Ray Grill: Exhaust fans are not required to be shut down since they are exhausting air directly to the exterior without the ability to recirculate air or smoke within the building. 

Question: Can you address the capability to support visual notification in R-2 occupancies? What is the intent? What are common means of compliance?  

Ray Grill: This question is referring to the International Building Code requirement that dwelling units in R-2 occupancies (apartments) have the capability to support future visual notification. The IBC allows compliance to include future interconnection of the building fire alarm system with devices in the units. This requirement is typically complied with by having a fire alarm system that can be expanded to drive future strobes within the units in the event a hearing-impaired tenant needs accommodation.
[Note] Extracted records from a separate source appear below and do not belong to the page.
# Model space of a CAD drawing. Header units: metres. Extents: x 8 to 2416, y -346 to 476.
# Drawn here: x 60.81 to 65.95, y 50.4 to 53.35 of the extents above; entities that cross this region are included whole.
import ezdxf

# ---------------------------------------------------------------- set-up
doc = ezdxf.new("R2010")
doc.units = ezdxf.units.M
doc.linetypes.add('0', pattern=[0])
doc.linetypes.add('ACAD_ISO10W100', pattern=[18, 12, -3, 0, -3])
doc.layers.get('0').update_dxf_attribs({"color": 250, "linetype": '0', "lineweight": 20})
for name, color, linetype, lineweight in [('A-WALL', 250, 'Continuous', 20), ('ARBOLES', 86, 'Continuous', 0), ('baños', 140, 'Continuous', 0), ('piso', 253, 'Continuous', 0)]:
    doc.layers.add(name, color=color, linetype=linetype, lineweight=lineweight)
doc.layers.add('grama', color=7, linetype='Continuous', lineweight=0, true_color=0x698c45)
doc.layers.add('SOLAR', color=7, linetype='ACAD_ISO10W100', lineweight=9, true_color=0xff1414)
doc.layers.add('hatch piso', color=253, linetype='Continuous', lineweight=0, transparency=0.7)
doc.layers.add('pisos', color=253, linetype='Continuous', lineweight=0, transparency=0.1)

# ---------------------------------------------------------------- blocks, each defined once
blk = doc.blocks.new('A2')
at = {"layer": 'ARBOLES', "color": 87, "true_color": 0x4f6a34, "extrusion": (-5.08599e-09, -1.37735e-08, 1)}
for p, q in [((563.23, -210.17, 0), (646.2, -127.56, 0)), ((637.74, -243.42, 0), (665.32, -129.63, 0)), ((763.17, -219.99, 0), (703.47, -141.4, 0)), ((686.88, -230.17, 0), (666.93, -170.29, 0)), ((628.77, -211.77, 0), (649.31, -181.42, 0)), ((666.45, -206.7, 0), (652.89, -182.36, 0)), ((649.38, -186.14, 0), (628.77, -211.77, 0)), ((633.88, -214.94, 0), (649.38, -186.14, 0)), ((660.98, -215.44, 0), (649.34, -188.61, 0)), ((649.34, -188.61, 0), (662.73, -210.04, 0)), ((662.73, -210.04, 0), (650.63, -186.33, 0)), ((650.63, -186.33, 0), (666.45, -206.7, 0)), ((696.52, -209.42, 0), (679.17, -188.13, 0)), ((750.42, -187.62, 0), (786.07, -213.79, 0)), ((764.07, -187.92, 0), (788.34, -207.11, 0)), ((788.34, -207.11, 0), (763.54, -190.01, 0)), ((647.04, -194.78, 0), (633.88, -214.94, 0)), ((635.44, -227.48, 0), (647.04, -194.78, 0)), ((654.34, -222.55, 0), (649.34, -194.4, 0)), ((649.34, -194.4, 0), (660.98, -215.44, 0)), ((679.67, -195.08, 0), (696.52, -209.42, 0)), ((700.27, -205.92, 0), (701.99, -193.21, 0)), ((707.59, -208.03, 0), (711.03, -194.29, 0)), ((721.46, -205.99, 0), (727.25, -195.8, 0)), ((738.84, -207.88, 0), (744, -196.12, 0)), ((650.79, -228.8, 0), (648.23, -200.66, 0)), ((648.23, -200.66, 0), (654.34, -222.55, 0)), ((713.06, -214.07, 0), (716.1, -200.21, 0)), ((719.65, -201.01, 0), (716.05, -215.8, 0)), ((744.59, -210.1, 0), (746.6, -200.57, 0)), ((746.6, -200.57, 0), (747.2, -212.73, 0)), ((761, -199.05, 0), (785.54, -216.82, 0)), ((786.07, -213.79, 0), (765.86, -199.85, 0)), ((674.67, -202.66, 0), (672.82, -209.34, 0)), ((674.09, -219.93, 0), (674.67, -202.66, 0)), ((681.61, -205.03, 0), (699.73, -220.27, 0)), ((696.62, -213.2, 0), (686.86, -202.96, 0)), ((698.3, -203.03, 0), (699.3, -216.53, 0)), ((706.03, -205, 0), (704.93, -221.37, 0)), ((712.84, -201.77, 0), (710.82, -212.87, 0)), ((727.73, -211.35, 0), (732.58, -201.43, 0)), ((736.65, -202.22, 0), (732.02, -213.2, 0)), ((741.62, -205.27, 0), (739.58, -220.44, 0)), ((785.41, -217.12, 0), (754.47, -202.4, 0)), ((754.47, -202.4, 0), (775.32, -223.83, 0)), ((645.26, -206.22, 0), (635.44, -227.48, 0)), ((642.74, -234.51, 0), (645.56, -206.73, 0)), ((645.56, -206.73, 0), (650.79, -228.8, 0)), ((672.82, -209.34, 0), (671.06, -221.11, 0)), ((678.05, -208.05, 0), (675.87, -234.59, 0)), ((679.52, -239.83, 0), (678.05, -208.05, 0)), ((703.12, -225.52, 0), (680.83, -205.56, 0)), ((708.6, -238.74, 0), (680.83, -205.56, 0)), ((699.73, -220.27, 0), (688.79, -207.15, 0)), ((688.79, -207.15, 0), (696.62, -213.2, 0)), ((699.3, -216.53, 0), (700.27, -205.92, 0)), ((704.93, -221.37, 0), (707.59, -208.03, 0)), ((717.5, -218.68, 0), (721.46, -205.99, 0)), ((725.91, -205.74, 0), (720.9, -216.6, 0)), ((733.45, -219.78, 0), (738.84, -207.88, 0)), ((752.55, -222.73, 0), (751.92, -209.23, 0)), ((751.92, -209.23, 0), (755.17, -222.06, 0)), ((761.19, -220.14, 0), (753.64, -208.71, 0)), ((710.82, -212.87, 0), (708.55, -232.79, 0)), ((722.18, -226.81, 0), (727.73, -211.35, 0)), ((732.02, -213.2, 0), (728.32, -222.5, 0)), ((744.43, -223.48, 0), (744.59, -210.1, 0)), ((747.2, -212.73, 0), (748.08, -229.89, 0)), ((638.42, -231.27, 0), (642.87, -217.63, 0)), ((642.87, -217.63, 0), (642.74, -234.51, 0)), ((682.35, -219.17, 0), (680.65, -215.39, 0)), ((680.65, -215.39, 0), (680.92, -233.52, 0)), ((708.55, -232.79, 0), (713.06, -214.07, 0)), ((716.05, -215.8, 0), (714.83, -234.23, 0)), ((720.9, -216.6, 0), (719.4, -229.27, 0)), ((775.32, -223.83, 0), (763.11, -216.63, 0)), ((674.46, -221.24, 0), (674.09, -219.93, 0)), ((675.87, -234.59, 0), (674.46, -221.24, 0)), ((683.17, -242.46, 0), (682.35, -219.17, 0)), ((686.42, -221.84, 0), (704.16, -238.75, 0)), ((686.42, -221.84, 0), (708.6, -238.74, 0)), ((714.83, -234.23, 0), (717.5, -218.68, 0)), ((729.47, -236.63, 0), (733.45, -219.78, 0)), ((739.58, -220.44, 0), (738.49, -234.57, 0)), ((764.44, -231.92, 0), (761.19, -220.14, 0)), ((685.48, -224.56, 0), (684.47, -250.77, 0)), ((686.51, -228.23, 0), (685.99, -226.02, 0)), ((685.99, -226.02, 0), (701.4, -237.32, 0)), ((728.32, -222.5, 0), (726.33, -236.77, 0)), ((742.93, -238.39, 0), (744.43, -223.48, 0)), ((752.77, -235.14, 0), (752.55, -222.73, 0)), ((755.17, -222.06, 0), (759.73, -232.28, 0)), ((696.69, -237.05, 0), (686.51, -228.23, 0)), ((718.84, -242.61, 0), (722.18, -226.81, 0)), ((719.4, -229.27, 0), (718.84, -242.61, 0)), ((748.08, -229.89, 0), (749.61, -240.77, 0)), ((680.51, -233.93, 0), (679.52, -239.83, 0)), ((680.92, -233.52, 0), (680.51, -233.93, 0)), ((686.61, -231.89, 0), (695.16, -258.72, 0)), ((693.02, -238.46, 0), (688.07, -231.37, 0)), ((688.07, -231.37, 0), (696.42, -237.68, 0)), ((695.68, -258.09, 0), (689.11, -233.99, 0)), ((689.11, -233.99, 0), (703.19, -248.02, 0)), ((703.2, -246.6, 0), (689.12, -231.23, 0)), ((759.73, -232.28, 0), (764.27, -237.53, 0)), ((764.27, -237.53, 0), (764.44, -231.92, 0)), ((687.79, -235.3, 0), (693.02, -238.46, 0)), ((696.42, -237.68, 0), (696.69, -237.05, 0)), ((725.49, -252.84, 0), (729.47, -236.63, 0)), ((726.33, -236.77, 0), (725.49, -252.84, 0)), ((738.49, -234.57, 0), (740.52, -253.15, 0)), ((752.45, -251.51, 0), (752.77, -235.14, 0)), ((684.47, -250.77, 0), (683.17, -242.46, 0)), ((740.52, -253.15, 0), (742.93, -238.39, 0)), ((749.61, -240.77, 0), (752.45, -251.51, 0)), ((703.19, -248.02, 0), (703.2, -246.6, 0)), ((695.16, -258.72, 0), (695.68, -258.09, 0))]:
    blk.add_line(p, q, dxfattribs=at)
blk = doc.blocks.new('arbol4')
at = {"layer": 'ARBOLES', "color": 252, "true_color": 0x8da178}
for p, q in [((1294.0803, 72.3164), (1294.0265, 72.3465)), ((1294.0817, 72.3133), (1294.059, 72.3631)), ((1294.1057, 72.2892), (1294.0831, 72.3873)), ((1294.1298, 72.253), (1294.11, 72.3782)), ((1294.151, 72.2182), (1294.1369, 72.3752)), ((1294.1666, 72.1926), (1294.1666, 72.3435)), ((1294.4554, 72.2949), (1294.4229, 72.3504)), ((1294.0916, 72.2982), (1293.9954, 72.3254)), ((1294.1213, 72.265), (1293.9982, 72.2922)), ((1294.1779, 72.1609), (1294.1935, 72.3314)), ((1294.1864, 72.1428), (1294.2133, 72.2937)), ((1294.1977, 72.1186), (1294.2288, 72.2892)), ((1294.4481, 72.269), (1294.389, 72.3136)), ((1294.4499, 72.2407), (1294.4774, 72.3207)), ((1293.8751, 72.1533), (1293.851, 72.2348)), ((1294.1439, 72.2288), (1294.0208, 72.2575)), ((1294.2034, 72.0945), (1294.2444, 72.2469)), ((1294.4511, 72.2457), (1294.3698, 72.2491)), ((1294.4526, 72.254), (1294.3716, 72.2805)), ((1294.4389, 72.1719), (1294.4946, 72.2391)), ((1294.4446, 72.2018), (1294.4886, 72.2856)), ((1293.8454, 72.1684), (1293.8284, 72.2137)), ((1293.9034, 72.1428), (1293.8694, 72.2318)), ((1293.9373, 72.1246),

Modern fire alarm systems have the capability of being expanded through various means (i.e., power extender panels) to accommodate future strobes.  

Question: What are the criteria for the authority having jurisdiction to confirm if the risk analysis is conducted properly to determine if a mass notification system is required or not? 

Bill Koffel: Using the SFPE Engineering Guide for Fire Risk Assessment, the AHJ should be one of the stakeholders performing the risk analysis. As such, the AHJ will have input throughout the process and will be able to determine if the analysis adequately addresses the risk. Recognize that disagreement with certain decisions made by the stakeholders does not mean the analysis is flawed. 

Recognizing that many risk analyses will be performed without active participation of the AHJ, the AHJ now serves more as a reviewer, just as they do with most design and construction projects. NFPA 551: Guide for the Evaluation of Fire Risk Assessments is a guide for evaluating risk assessments and provides guidance for the AHJ. Additionally, the review would include evaluating each step of the process such as: 

  • Have the goals and objectives been adequately defined? 
  • Are the assumptions appropriate and acceptable? 
  • Have the hazards been properly defined? 
  • Is the data appropriate and reliable? 
  • Have the consequences been properly evaluated? 

The list continues, but essentially the questions would relate to each step within the process and the SFPE guide provides a good flowchart of the process. 

Question: How does the processing of combustible dust impact the requirements for notification systems? 

Ray Grill: More information would need to be provided to address this issue. If combustible dusts are present in the environment, intrinsically safe equipment may need to be provided.  

Question: Would pathway survivability affect the architectural design to provide fire-rated enclosures or shafts for fire alarm circuits? 

Ray Grill: Designing for survivability could impact the architecture. With a distributed notification system, rooms housing amplifiers or other control equipment serving multiple zones could be required to be located in fire rated rooms. 

Question: What are the factors to consider in a risk analysis? 

Bill Koffel: Please refer to the risk assessment question and response above. There is considerable information in Annex A of NFPA 72 that identifies the factors to be considered. As noted in the response above, the SFPE guide provides additional guidance on performing a risk assessment (risk analysis). 

Question: How would you suggest approaching intelligibility in a project where the majority of the space consists of hard surfaces making it difficult to achieve intelligibility? (In other words, most or all of the space would be an acoustically distinguishable space, or ADS.)  

Ray Grill: First, a building could have acoustically distinguishable spaces where intelligibility can be achieved and other ADS where it would not be expected to be achieved. In a space where notification is required, and it is known to be an acoustically challenging space, there are a number of different approaches that could be used. The nature of the space and the nature of the occupants needs to be considered:  

  • Can textual visual signaling in the way of reader boards be used to provide information?  
  • Can highquality speakers be installed to provide intelligible voice messages?  

An engineering analysis would need to be conducted and the AHJ would need to be on board with the solution.